We’ve seen that recall is important to demonstrate to the court that you’ve found a substantial percentage of the responsive documents, and we’ve seen that precision determines the number of documents that must be reviewed (hence, the cost) to achieve a desired recall.  People often quote another metric, the F1 score (also known as the F-measure or F-score), which is the harmonic mean of the recall and the precision:

$F_1 = \frac{1}{\frac{1}{2}(\frac{1}{\text{recall}}+\frac{1}{\text{precision}})} = \frac{2 \times \text{precision} \times \text{recall}}{\text{precision} + \text{recall}}$

The F1 score lies between the value of the recall and the value of the precision, and tends to lie closer to the smaller of the two, so high values for the F1 score are only possible if both the precision and recall are large.
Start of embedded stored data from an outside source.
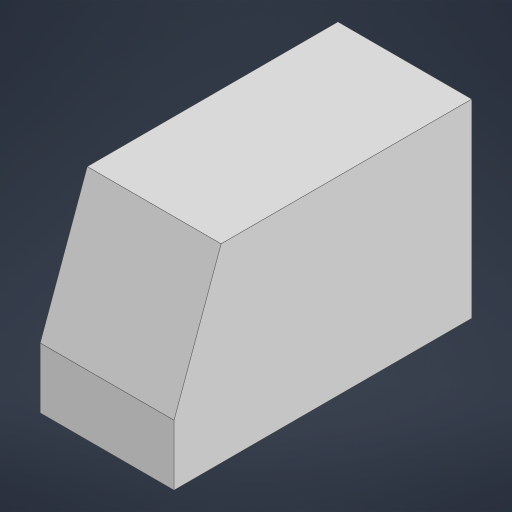
# Autodesk Inventor part: Electronics Case for Bubba
Saved by Autodesk Inventor 2024 (Build 280153000, 153)
## iProperties
Created: 2025-04-03
Part Number: Electronics Case for Bubba
Material: Generic
Document SubType Name: Modeling
Designer: Vincent Larson
Density: 1 g/cm^3
Appearance: Default
Author: Vincent Larson
Autodesk Inventor part; units mm, degrees
ref_plane "YZ Plane" through (0, 0, 0) normal (1, 0, 0) x (0, 1, 0)
ref_plane "XZ Plane" through (0, 0, 0) normal (0, 1, 0) x (-1, 0, 0)
ref_plane "XY Plane" through (0, 0, 0) normal (0, 0, 1) x (1, 0, 0)
sketch "Sketch1" plane through (0, 0, 0) normal (1, 0, 0) x (0, 1, 0)
  line L0 (0, 0) -> (171.45, 0)
  line L1 (171.45, 0) -> (171.45, -271.78)
  line L2 (171.45, -271.78) -> (0, -271.78)
  line L3 (0, -271.78) -> (0, 0)
  line L4 (0, 0) -> (53.34, 0)
  line L5 (53.34, 0) -> (53.34, -271.78)
  line L6 (53.34, 0) -> (171.45, -42.9885)
  line L7 (53.34, 0) -> (179.03, 0) construction
  line L8 (173.99, -274.32) -> (173.99, 2.54)
  line L9 (173.99, 2.54) -> (-2.54, 2.54)
  line L10 (-2.54, 2.54) -> (-2.54, -274.32)
  line L11 (-2.54, -274.32) -> (173.99, -274.32)
  line L12 (54.2087, 2.3868) -> (172.3187, -40.6017)
  line L13 (179.03, -43.0444) -> (43.4558, 6.3006)
  point P0 (53.7879, 2.54)
  point P1 (173.99, -41.21)
  dimension "d0" = 171.45
  dimension "d1" = 271.78
  dimension "d2" = 53.34
  dimension "d3" = 20
  dimension "d4" = 2.54
  dimension "d5" = 2.54
  constraints: 28 end point, 5 parallel, 5 point on line, 3 perpendicular, 2 horizontal, 1 equal length, 3 other
  measures "d0" distance of L1.end L2.end
  measures "d1" distance of L0.end L1.end
  measures "d2" distance of L0.start L4.end
  measures "d3" angle of L6 L7
  measures "d4" distance between parallel lines of L1 L8
  measures "d5" distance between parallel lines of L6 L12
extrude "Extrusion1" add sketch "Sketch1" along normal blind 121.92 contours L3 L2 L1 L12 L13 L8 L11 L10 L9 L0 | L0 L12 L1 L6
sketch "Sketch2" plane through (121.92, 0, 0) normal (1, 0, 0) x (0, 0, -1)
  line L0 (0, 0) -> (0, 53.34) projected
  line L1 (0, 53.34) -> (271.78, 53.34)
  line L2 (271.78, 171.45) -> (271.78, 0) projected
  line L3 (271.78, 55.88) -> (-2.54, 55.88)
  line L4 (-2.54, 55.88) -> (-2.54, 0)
  line L5 (0, 53.34) -> (42.9885, 171.45) projected
  line L6 (5.0738, 67.2802) -> (-1.6206, 48.8875)
  line L7 (271.78, 82.1996) -> (271.78, 27.94)
  point P0 (0.9245, 55.88)
  dimension "d8" = 2.54
  constraints: 10 end point, 4 point on line, 1 collinear, 1 horizontal, 1 other
  measures "d8" distance between parallel lines of L1 L3
extrude "Extrusion2" add sketch "Sketch2" against normal blind 121.92
sketch "Sketch3" plane through (0, -2.54, -274.32) normal (0, 0, -1) x (-1, 0, 0)
  line L0 (0, 0) -> (-121.92, 0) projected
  line L1 (-121.92, 0) -> (0, 0)
  line L2 (-121.92, 55.88) -> (0, 55.88) projected
  line L3 (0, 0) -> (0, 55.88)
  line L4 (0, 55.88) -> (-121.92, 55.88)
  line L5 (0, 58.42) -> (-121.92, 58.42) projected
  line L6 (-121.92, 55.88) -> (-121.92, 0)
  circle A0 centre (-60.96, 27.94) radius 27.94
  line L7 (-83.46, 13.94) -> (-38.46, 13.94)
  line L8 (-38.46, 13.94) -> (-38.46, 41.94)
  line L9 (-38.46, 41.94) -> (-83.46, 41.94)
  line L10 (-83.46, 41.94) -> (-83.46, 13.94)
  line L11 (-83.46, 13.94) -> (-38.46, 41.94) construction
  line L12 (-38.46, 13.94) -> (-83.46, 41.94) construction
  line L13 (-60.9761, 7.94) -> (-60.9439, 7.94)
  line L14 (-60.9439, 47.94) -> (-60.9761, 47.94)
  line L15 (-60.9761, 7.94) -> (-60.9439, 47.94) construction
  line L16 (-60.9439, 7.94) -> (-60.9761, 47.94) construction
  circle A1 centre (-60.96, 47.94) radius 1.8
  circle A2 centre (-60.96, 7.94) radius 1.8
  line L17 (-60.9761, 47.94) -> (-60.9761, 46.1401)
  line L18 (-60.9439, 46.1401) -> (-60.9439, 47.94)
  line L19 (-60.9761, 41.94) -> (-60.9761, 13.94)
  line L20 (-60.9761, 9.7399) -> (-60.9761, 7.94)
  line L21 (-60.9439, 7.94) -> (-60.9439, 9.7399)
  line L22 (-60.9439, 13.94) -> (-60.9439, 41.94)
  point P0 (0, 2.54)
  dimension "d11" = 45
  dimension "d12" = 28
  dimension "d13" = 40
  dimension "d14" = 3.6
  constraints: 40 end point, 13 parallel, 6 midpoint, 6 perpendicular, 4 point on circle, 4 point on line, 3 centre point, 3 horizontal
  measures "d11" distance of L9.end L8.end
  measures "d12" distance of L8.end L7.end
  measures "d13" distance of L14.start L13.end
  measures "d14" diameter of A1
extrude "Extrusion3" cut sketch "Sketch3" against normal blind 121.92 contours L10 L9 L19 L7 | L19 L9 L22 L7 | L22 L9 L8 L7 | L20 A2 L21 L13 | L13 L21 A2 L20 | L18 A1 L17 L14 | L14 L17 A1 L18
sketch "Sketch4" plane through (0, -2.54, -274.32) normal (0, 0, -1) x (-1, 0, 0)
  line L0 (-38.46, 41.94) -> (-38.46, 13.94) projected
  line L1 (-83.46, 13.94) -> (-83.46, 41.94) projected
  line L2 (-38.46, 41.94) -> (-83.46, 41.94)
  line L3 (-83.46, 41.94) -> (-83.46, 13.94)
  line L4 (-83.46, 13.94) -> (-38.46, 13.94)
  line L5 (-38.46, 13.94) -> (-38.46, 41.94)
  line L6 (-86.36, 13.94) -> (-35.56, 13.94)
  line L7 (-35.56, 13.94) -> (-35.56, 41.94)
  line L8 (-35.56, 41.94) -> (-86.36, 41.94)
  line L9 (-86.36, 41.94) -> (-86.36, 13.94)
  line L10 (-86.36, 13.94) -> (-35.56, 41.94) construction
  line L11 (-35.56, 13.94) -> (-86.36, 41.94) construction
  point P0 (0, 2.54)
  point P1 (-60.96, 27.94)
  dimension "d17" = 50.8
  constraints: 20 end point, 4 parallel, 2 horizontal, 2 midpoint, 2 perpendicular
  measures "d17" distance of L8.end L7.end
extrude "Extrusion4" cut sketch "Sketch4" against normal blind 121.92 contours L8 L7 L6 L0 | L1 L6 L9 L8
sketch "Sketch5" plane through (121.92, 0, 0) normal (1, 0, 0) x (0, 0, -1)
  line L0 (271.78, 53.34) -> (271.78, 0) projected
  line L1 (271.78, 53.34) -> (246.38, 53.34)
  line L2 (271.78, 53.34) -> (0, 53.34) projected
  line L3 (246.38, 53.34) -> (246.38, 43.18)
  line L4 (246.38, 43.18) -> (272.1958, 43.18)
  line L5 (246.38, 43.18) -> (226.8063, 53.34)
  line L6 (226.8063, 53.34) -> (209.4202, 62.3644)
  line L7 (245.2098, 40.9256) -> (225.6361, 51.0856)
  line L8 (225.6361, 51.0856) -> (208.25, 60.1101)
  line L9 (246.38, 40.64) -> (272.1958, 40.64)
  line L10 (239.3965, 43.9431) -> (259.2879, 33.6182)
  line L11 (267.1647, 40.64) -> (232.6379, 40.64)
  point P0 (0, 0)
  point P1 (245.7601, 40.64)
  point P2 (271.78, 40.64)
  point P3 (271.78, 43.18)
  point P4 (221.2929, 53.34)
  dimension "d20" = 25.4
  dimension "d21" = 10.16
  dimension "d22" = 2.54
  dimension "d23" = 2.54
  constraints: 20 end point, 7 point on line, 1 parallel, 1 perpendicular, 1 vertical, 1 other
  measures "d20" distance of L0.start L1.end
  measures "d21" distance of L1.end L3.end
  measures "d22" distance between parallel lines of L5 L7
  measures "d23" distance between parallel lines of L4 L9
extrude "Extrusion5" add sketch "Sketch5" against normal blind 121.92 contours L0 L9 L11 L10 L7 L8 L2 L5 L4
sketch "Sketch6" plane through (0, 0, 0) normal (-1, 0, 0) x (0, 0, 1)
  line L0 (-226.8063, 53.34) -> (-246.38, 43.18) projected
  line L1 (-233.7398, 49.741) -> (-197.786, 68.4033)
  line L2 (-197.786, 68.4033) -> (-271.78, 69.3117)
  line L3 (-271.78, 171.45) -> (-271.78, 55.88) projected
  line L4 (-271.78, 69.3117) -> (-271.78, 47.3341)
  line L5 (-271.78, 53.34) -> (-271.78, 43.18) projected
  line L6 (-271.78, 47.3341) -> (-233.7398, 49.741)
  point P0 (0, 0)
  constraints: 8 end point, 3 point on line, 1 collinear
extrude "Extrusion6" cut sketch "Sketch6" against normal blind 121.92
sketch "Sketch7" plane through (121.92, 0, 0) normal (1, 0, 0) x (0, 0, -1)
  line L0 (-2.54, -2.54) -> (274.32, -2.54) projected
  line L1 (274.32, 173.99) -> (41.21, 173.99) projected
  line L2 (-2.54, -2.54) -> (274.32, -2.54)
  line L3 (274.32, -2.54) -> (274.32, 173.99)
  line L4 (274.32, 173.99) -> (-2.54, 173.99)
  line L5 (-2.54, 173.99) -> (-2.54, -2.54)
  line L6 (41.21, 173.99) -> (-2.54, 53.7879) projected
  line L7 (41.21, 173.99) -> (-2.54, 53.7879)
  point P0 (0, 0)
  constraints: 10 end point, 3 equal length, 1 horizontal, 1 perpendicular
extrude "Extrusion7" add sketch "Sketch7" along normal blind 2.54 contours L5 L6 L1 L3 L0
sketch "Sketch8" plane through (0, -2.54, -274.32) normal (0, 0, -1) x (-1, 0, 0)
  line L0 (0, 173.99) -> (-121.92, 173.99) projected
  line L1 (-121.92, 173.99) -> (0, 173.99)
  line L2 (0, 173.99) -> (0, 52.07)
  line L3 (0, 52.07) -> (-121.92, 52.07)
  line L4 (-121.92, 52.07) -> (-121.92, 173.99)
  circle A0 centre (-60.96, 113.03) radius 57.15
  point P0 (0, 2.54)
  dimension "d30" = 121.92
  dimension "d31" = 114.3
  constraints: 8 end point, 2 parallel, 1 centre point, 1 horizontal, 1 perpendicular
  measures "d30" distance of L1.end L2.end
  measures "d31" diameter of A0
extrude "Extrusion8" cut sketch "Sketch8" against normal blind 25.4 contours A0
body "Solid1"

Before explaining why the F1 score is pointless for measuring predictive coding performance, let’s consider a case where it makes a little bit of sense.  Suppose we send the same set of patients to two different doctors who will each screen them for breast cancer using the palpation method (feeling for lumps).  The first doctor concludes that 50 of them need further testing, but the additional testing shows that only 3 of them actually have cancer, giving a precision of 6.0% (these numbers are entirely made up and are not necessarily realistic).  The second doctor concludes that 70 of the patients need further testing, but additional testing shows that only 4 of them have cancer, giving a precision of 5.7%.  Which doctor is better at identifying patients in need of additional testing?  The first doctor has higher precision, but that precision is achieved at a lower level of recall (only found 3 cancers instead of 4).  We know that precision tends to decline with increasing recall, so the fact that the second doctor has lower precision does not immediately lead to the conclusion that he/she is less capable.  Since the F1 score combines precision and recall such that increases in one offset (to some degree) decreases in the other, we could compute F1 scores for the two doctors.  To compute F1 we need to compute the recall, which means that we need to know how many of the patients actually have cancer.  If 5 have cancer, the F1 scores for the doctors will be 0.1091 and 0.1067 respectively, so the first doctor scores higher.  If 15 have cancer, the F1 scores will be 0.0923 and 0.0941 respectively, so the second doctor scores higher.  Increasing the number of cancers from 5 to 15 decreases the recall values, bringing them closer to the precision values, which causes the recall to have more impact (relative to the precision) on the F1 score.